> Data to examine:

◆ ◆ ◆ ◆ ◆

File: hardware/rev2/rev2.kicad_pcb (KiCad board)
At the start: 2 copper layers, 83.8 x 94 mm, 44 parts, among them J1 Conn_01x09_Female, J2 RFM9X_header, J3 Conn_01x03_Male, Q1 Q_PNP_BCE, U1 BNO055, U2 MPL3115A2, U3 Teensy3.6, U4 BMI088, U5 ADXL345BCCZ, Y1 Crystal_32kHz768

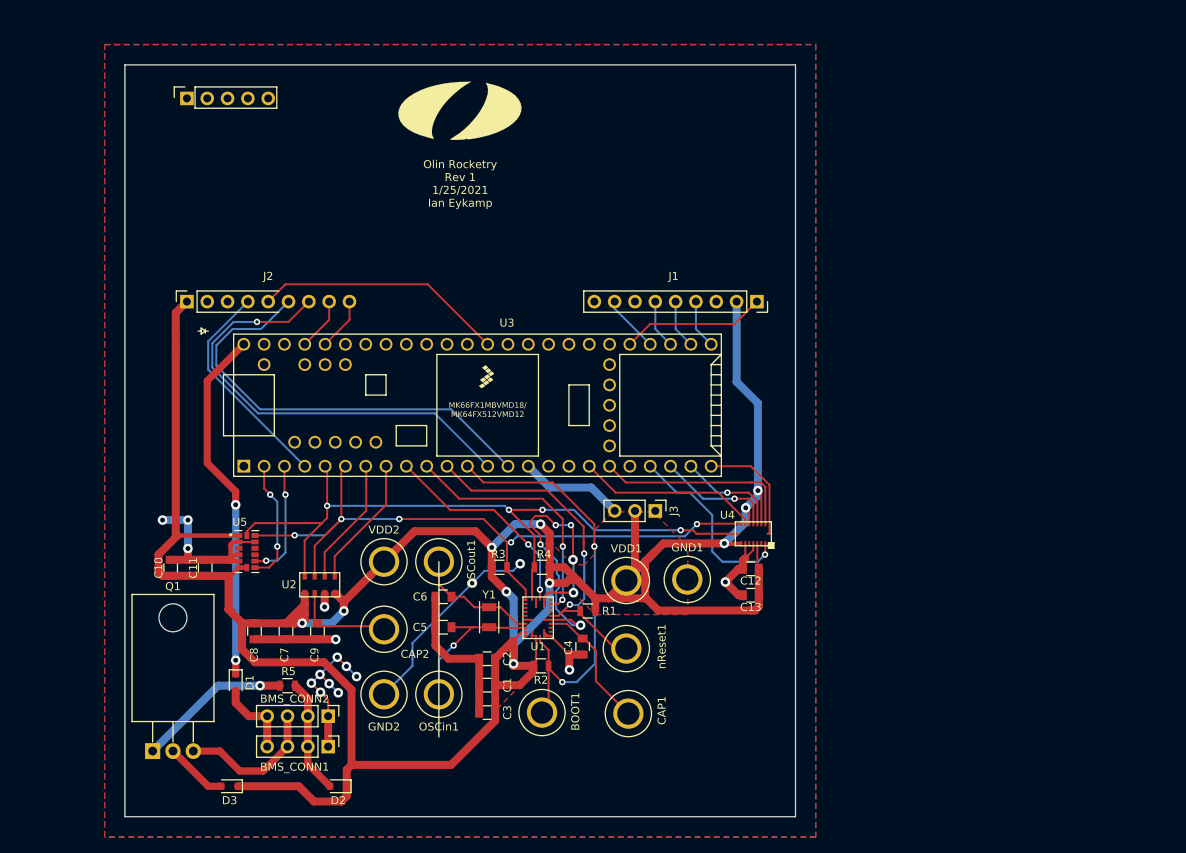
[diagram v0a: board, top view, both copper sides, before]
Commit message: remove extra traces from layout
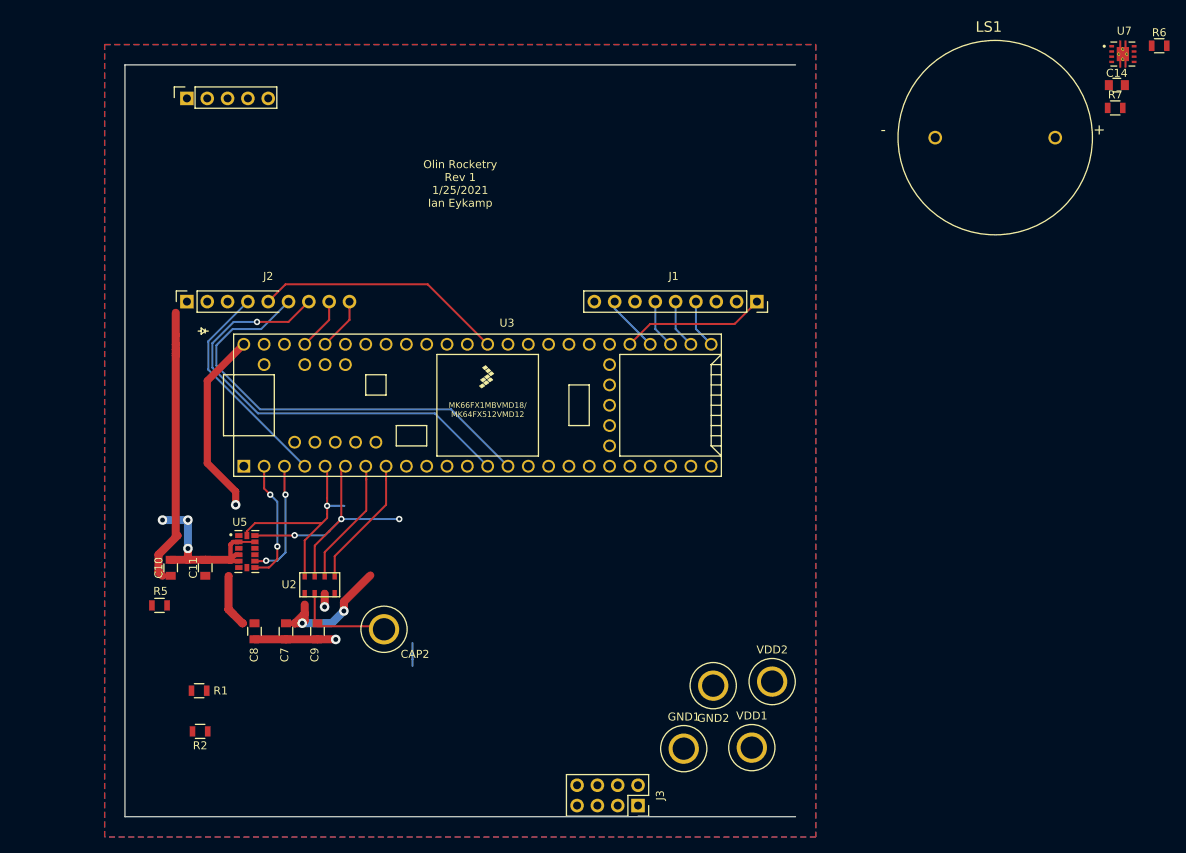
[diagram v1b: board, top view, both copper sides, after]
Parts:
- removed BMS_CONN1, BMS_CONN2: Conn_01x04_Male, Connector_PinHeader_2.54mm:PinHeader_1x04_P2.54mm_Vertical
- removed BOOT1, CAP1, OSCin1, OSCout1, nReset1: TestPoint, footprints:Test-Point-Pin_Drill2.79mm
- removed C1, C12, C13, C4: 100n, footprints:C_0805_OEM
- removed C2: 6.8n, footprints:C_0805_OEM
- removed C3: 120n, footprints:C_0805_OEM
- removed C5, C6: 22p, footprints:C_0805_OEM
- removed D1, D2, D3: D, footprints:D_0805_OEM
- removed G***: , footprints:OLIN_O
- removed Q1: Q_PNP_BCE, Package_TO_SOT_THT:TO-220-3_Horizontal_TabDown
- removed R3, R4: 10k, footprints:R_0805_OEM
- removed U1: BNO055, BNO055:BNO055
- removed U4: BMI088, footprints:bmi088
- removed Y1: Crystal_32kHz768, footprints:FC-135_3.2x1.5mm
- added C14: C_1uF, footprints:C_0805_OEM, F.Cu at (224.6, 55.0)
- added LS1: PKB24SPCH3601-B0, rev2_lib:SPKR_PKB24SPCH3601-B0, F.Cu at (209.4, 61.5)
- added R6: R_8k, footprints:R_0805_OEM, F.Cu at (229.9, 50.1)
- added R7: R_475, footprints:R_0805_OEM, F.Cu at (224.4, 57.8)
- added U7: TPS2113ADRBR, footprints:TPS2113ADRBR, F.Cu at (225.3, 51.1)
- J3: value Conn_01x03_Male -> Conn_02x03_Odd_Even; footprint Connector_PinHeader_2.54mm:PinHeader_1x03_P2.54mm_Vertical -> Connector_PinSocket_2.54mm:PinSocket_2x04_P2.54mm_Vertical
- R1, R2: value 10k -> R_4.99K
- R5: value 1K -> R_20k
- moved VDD2 50.8 mm to (181.5, 129.5)
- moved R1 49.6 mm to (109.9, 130.7)
- moved R2 43.4 mm to (110.0, 135.8)
- moved GND2 41.2 mm to (174.1, 130.0)
- moved J3 36.9 mm to (164.7, 145.0)
- moved VDD1 26.1 mm to (178.9, 137.8)
- moved GND1 21.2 mm to (170.4, 137.9)
- moved R5 18.9 mm to (104.9, 120.0)
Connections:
- C10 pad 1: 3.3VBMS -> 3.3V_TEENSY
- C11 pad 1: 3.3VBMS -> 3.3V_TEENSY
- C7 pad 1: 3.3VBMS -> 3.3V_TEENSY
- C8 pad 1: 3.3VBMS -> 3.3V_TEENSY
- J1 pad 2: 3.3VBMS -> 3.3V_TEENSY
- J2 pad 9: 3.3VBMS -> 3.3V_TEENSY
- J3 pad 1: Net-(J3-Pad1) -> GND
- J3 pad 2: 3.3VBMS -> MAIN_DEPLOY
- J3 pad 3: 3.3V_TEENSY -> 3.3VBMS
- R1 pad 1: 3.3VBMS -> 3.3V_TEENSY
- R1 pad 2: nRESET -> SCL_TEENSY
- R2 pad 1: 3.3VBMS -> 3.3V_TEENSY
- R2 pad 2: nBOOT_LOAD_PIN -> SDA_TEENSY
- R5 pad 2: BMS_to_sensors -> 3.3VBMS
- U2 pad 1: 3.3VBMS -> 3.3V_TEENSY
- U2 pad 4: 3.3VBMS -> 3.3V_TEENSY
- U3 pad 10: INT_BNO055 -> Net-(U3-Pad10)
- U3 pad 11: nRESET -> MAIN_DEPLOY
- U3 pad 12: nBOOT_LOAD_PIN -> DROGUE_DEPLOY
- U3 pad 18: A0_GYRO_BMI088 -> Net-(U3-Pad18)
- U3 pad 19: A0_ACCEL_BMI088 -> Net-(U3-Pad19)
- U3 pad 21: INT2_ACCEL_BMI088 -> BUZZER
- U3 pad 22: INT3_GYRO_BMI088 -> Net-(U3-Pad22)
- U3 pad 23: INT4_GYRO_BMI088 -> Net-(U3-Pad23)
- U3 pad 24: INT1_ACCEL_BMI088 -> Net-(U3-Pad24)
- U3 pad 45: Net-(U3-Pad45) -> SDA_TEENSY
- U3 pad 46: Net-(U3-Pad46) -> SCL_TEENSY
- U3 pad 9: COM3 -> Net-(U3-Pad9)
- U5 pad 1: 3.3VBMS -> 3.3V_TEENSY
- U5 pad 6: 3.3VBMS -> 3.3V_TEENSY
- U5 pad 7: 3.3VBMS -> 3.3V_TEENSY
- VDD1 pad 1: 3.3VBMS -> 3.3V_TEENSY
- VDD2 pad 1: 3.3VBMS -> 3.3V_TEENSY
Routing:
- net 3.3VBMS: track 370.3 -> 59.0 mm, vias 10 -> 2
- net GND: track 164.1 -> 37.8 mm, vias 23 -> 5
- net SCL_TEENSY: track 90.6 -> 27.5 mm, vias 4 -> 1
- net nBOOT_LOAD_PIN: track 54.4 -> 0.00 mm, vias 2 -> 0
- net SDA_TEENSY: track 87.3 -> 34.2 mm, vias 5 -> 3
- net nRESET: track 44.6 -> 0.00 mm, vias 2 -> 0
- net INT_BNO055: track 31.8 -> 0.00 mm, vias 2 -> 0
- net COM3: track 26.8 -> 0.00 mm, vias 2 -> 0
- net A0_ACCEL_BMI088: track 25.1 -> 0.00 mm
- net INT2_ACCEL_BMI088: track 23.7 -> 0.00 mm, vias 1 -> 0
- net A0_GYRO_BMI088: track 22.8 -> 0.00 mm
- net BMS_to_Teensy: track 44.6 -> 23.4 mm, vias 2 -> 1
- net OptionalOSCinput: track 19.8 -> 0.00 mm, vias 1 -> 0
- net Net-(R5-Pad1): track 19.3 -> 0.00 mm, vias 1 -> 0
- net BMS_to_sensors_backup: track 17.9 -> 0.00 mm
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- removed copper zone on F.Cu, net +3V3
- removed copper zone on F.Cu, net 3.3VBMS

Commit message: add DXF outline
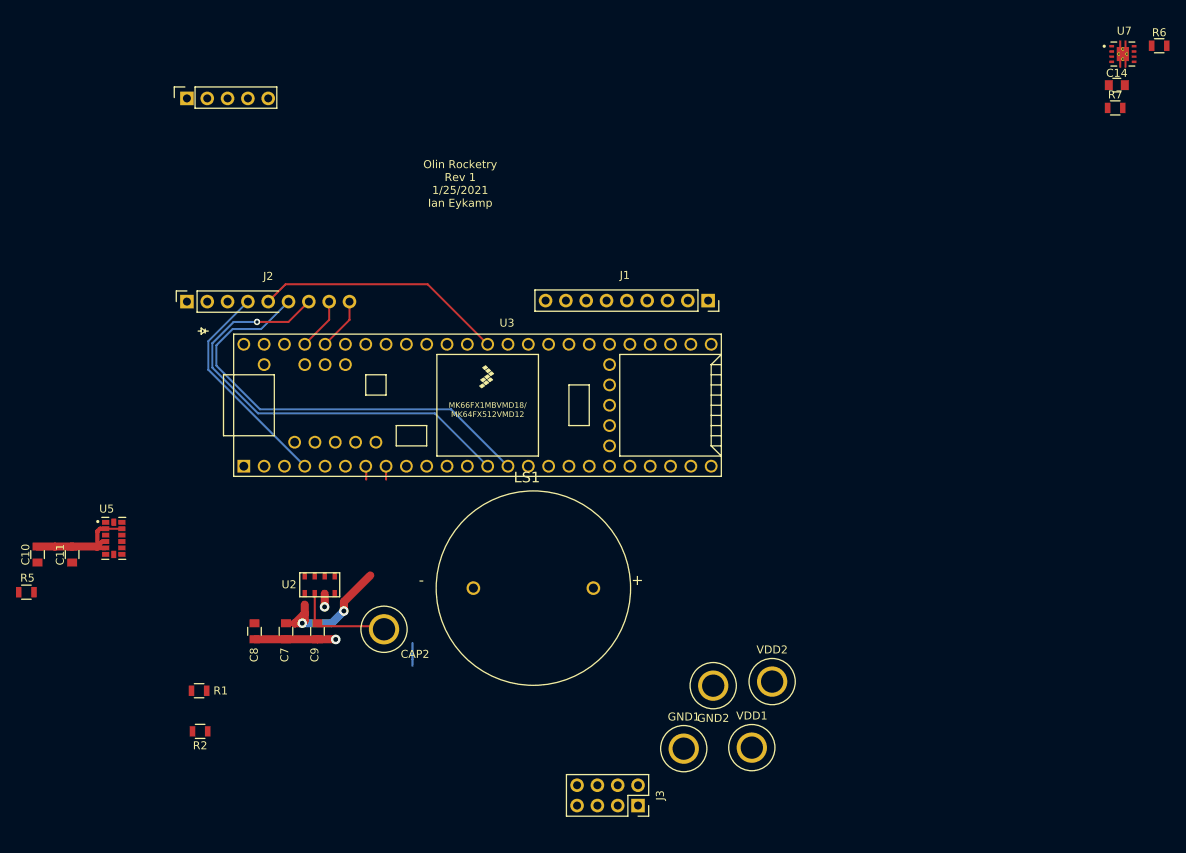
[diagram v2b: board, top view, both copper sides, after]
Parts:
- moved LS1 80.6 mm to (151.6, 117.9)
- moved C10 16.7 mm to (89.7, 113.7)
- moved C11 16.7 mm to (94.0, 113.7)
- moved R5 16.7 mm to (88.3, 118.4)
- moved U5 16.7 mm to (99.2, 111.6)
- moved J1 6.10 mm to (173.5, 81.9)
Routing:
- net 3.3VBMS: track 59.0 -> 16.8 mm
- net SDA_TEENSY: track 34.2 -> 0.00 mm, vias 3 -> 0
- net SCL_TEENSY: track 27.5 -> 0.00 mm, vias 1 -> 0
- net BMS_to_Teensy: track 23.4 -> 0.00 mm, vias 1 -> 0
- net PPS: track 18.1 -> 0.00 mm
- net INT1_ADXL345: track 15.5 -> 0.00 mm, vias 2 -> 0
- net INT2_ADXL345: track 15.1 -> 0.00 mm, vias 2 -> 0
- net INT2_MPL3115A2: track 16.7 -> 1.99 mm
- net INT1_MPL3115A2: track 15.9 -> 1.74 mm
- net GND: track 37.8 -> 29.7 mm, vias 5 -> 2
- net ENABLE_GPS: track 7.18 -> 0.00 mm
- net TX: track 6.12 -> 0.00 mm
- net RX: track 6.12 -> 0.00 mm
- net FIX: track 6.12 -> 0.00 mm
- removed copper zone on B.Cu, net GND
- removed copper zone on F.Cu, net GND
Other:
- board outline removed

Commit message: start layout
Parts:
- J3: footprint Connector_PinSocket_2.54mm:PinSocket_2x04_P2.54mm_Vertical -> Connector_PinHeader_2.54mm:PinHeader_2x03_P2.54mm_Vertical
- moved C14 124.9 mm to (116.9, 118.2)
- moved U7 124.9 mm to (117.6, 114.3)
- moved R6 124.9 mm to (122.2, 113.3)
- moved R7 124.9 mm to (116.7, 121.1)
- moved R2 54.4 mm to (157.4, 109.0), turned to 90 degrees
- moved LS1 51.5 mm to (141.7, 67.3)
- moved C10 50.1 mm to (139.7, 111.8)
- moved R1 50.0 mm to (154.9, 109.0), turned to 90 degrees
- moved C11 48.9 mm to (142.9, 111.8)
- moved U5 47.9 mm to (147.0, 109.5)
- moved R5 40.7 mm to (128.8, 122.0), turned to 270 degrees
- moved C7 39.2 mm to (158.8, 114.1)
- moved C8 39.2 mm to (154.9, 114.1)
- moved C9 39.2 mm to (162.8, 114.1)
- moved CAP2 39.2 mm to (171.1, 113.9)
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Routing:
- net SCL_TEENSY: track 0.00 -> 53.0 mm, vias 0 -> 2
- net SDA_TEENSY: track 0.00 -> 51.6 mm, vias 0 -> 2
- net ENABLE_GPS: track 0.00 -> 13.4 mm
- net 3.3VBMS: track 16.8 -> 5.18 mm, vias 2 -> 0
- net PPS: track 0.00 -> 11.1 mm
- net FIX: track 0.00 -> 11.0 mm
- net RX: track 0.00 -> 10.9 mm
- net TX: track 0.00 -> 10.9 mm
- net GND: track 29.7 -> 19.3 mm
- net INT1_MPL3115A2: track 1.74 -> 0.00 mm
- net INT2_MPL3115A2: track 1.99 -> 0.28 mm

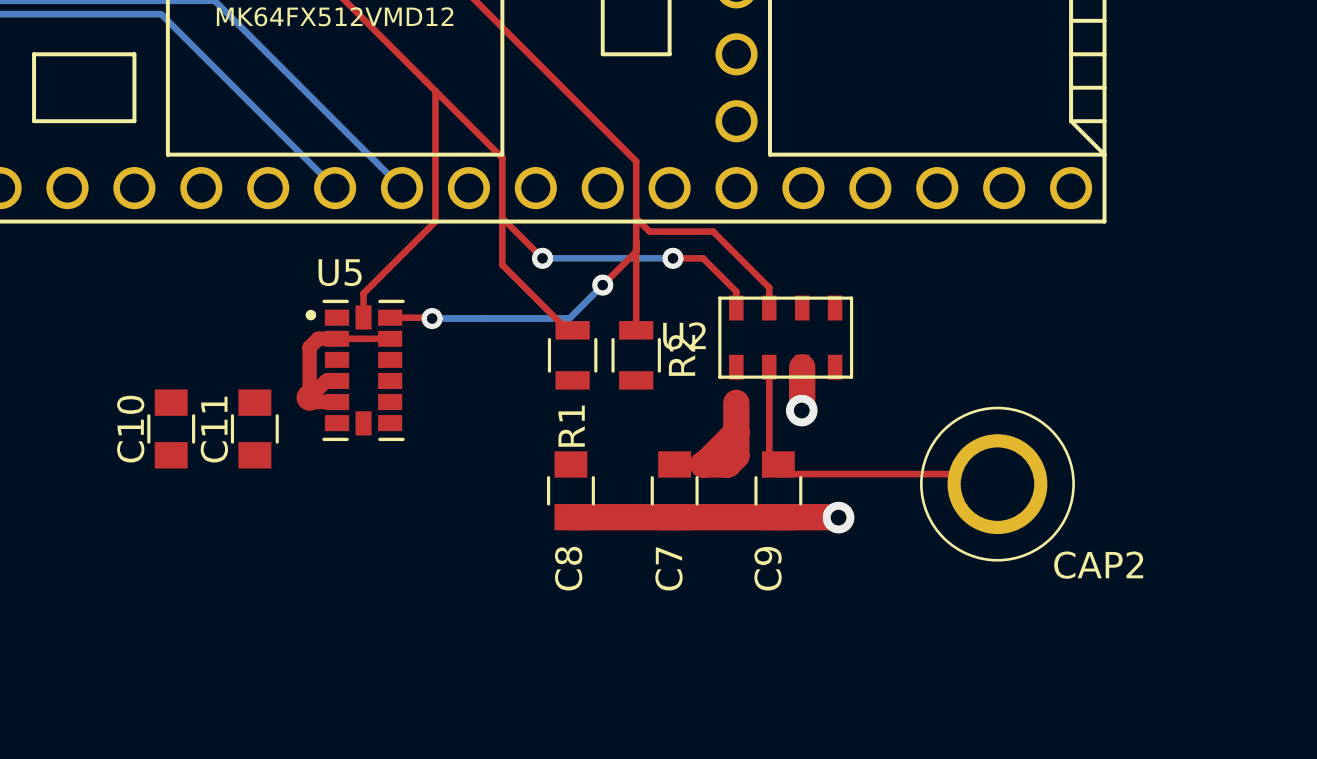
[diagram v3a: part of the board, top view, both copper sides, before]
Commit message: significantly change Teensy connections
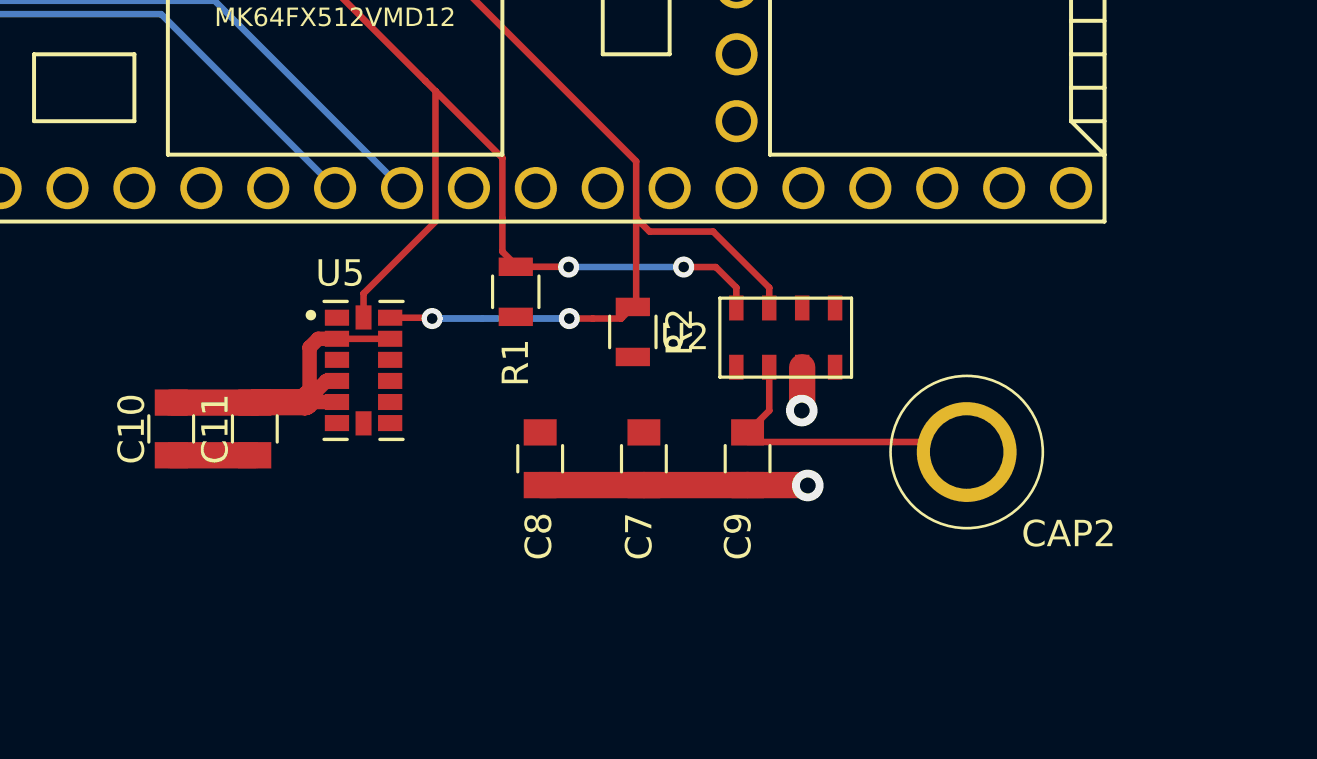
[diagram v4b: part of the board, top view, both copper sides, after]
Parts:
- moved R1 3.24 mm to (152.8, 106.6)
- moved C7 1.69 mm to (157.6, 112.9)
- moved C8 1.69 mm to (153.7, 112.9)
- moved C9 1.69 mm to (161.6, 112.9)
- moved CAP2 1.69 mm to (169.9, 112.6)
- moved R2 0.90 mm to (157.2, 108.1)
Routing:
- net GND: track 19.3 -> 24.9 mm
- net 3.3VBMS: track 5.18 -> 0.00 mm
- net SCL_TEENSY: track 53.0 -> 48.4 mm
- net 3.3V_TEENSY: track 0.00 -> 3.18 mm
- net SDA_TEENSY: track 51.6 -> 49.4 mm
- net Net-(C9-Pad1): track 12.3 -> 11.3 mm

◆ ◆ ◆ ◆ ◆

Looking at the listing above, which lines run from the one containing "- moved C7 39.2 mm to (158.8, 114.1)" through the one containing "- moved R1 3.24 mm to (152.8, 106.6)"? Print exactly those, ends included, pictures excluded.

> Output of the exercise:
- moved C7 39.2 mm to (158.8, 114.1)
- moved C8 39.2 mm to (154.9, 114.1)
- moved C9 39.2 mm to (162.8, 114.1)
- moved CAP2 39.2 mm to (171.1, 113.9)
Routing:
- net SCL_TEENSY: track 0.00 -> 53.0 mm, vias 0 -> 2
- net SDA_TEENSY: track 0.00 -> 51.6 mm, vias 0 -> 2
- net ENABLE_GPS: track 0.00 -> 13.4 mm
- net 3.3VBMS: track 16.8 -> 5.18 mm, vias 2 -> 0
- net PPS: track 0.00 -> 11.1 mm
- net FIX: track 0.00 -> 11.0 mm
- net RX: track 0.00 -> 10.9 mm
- net TX: track 0.00 -> 10.9 mm
- net GND: track 29.7 -> 19.3 mm
- net INT1_MPL3115A2: track 1.74 -> 0.00 mm
- net INT2_MPL3115A2: track 1.99 -> 0.28 mm

[diagram v3a: part of the board, top view, both copper sides, before]
Commit message: significantly change Teensy connections
[diagram v4b: part of the board, top view, both copper sides, after]
Parts:
- moved R1 3.24 mm to (152.8, 106.6)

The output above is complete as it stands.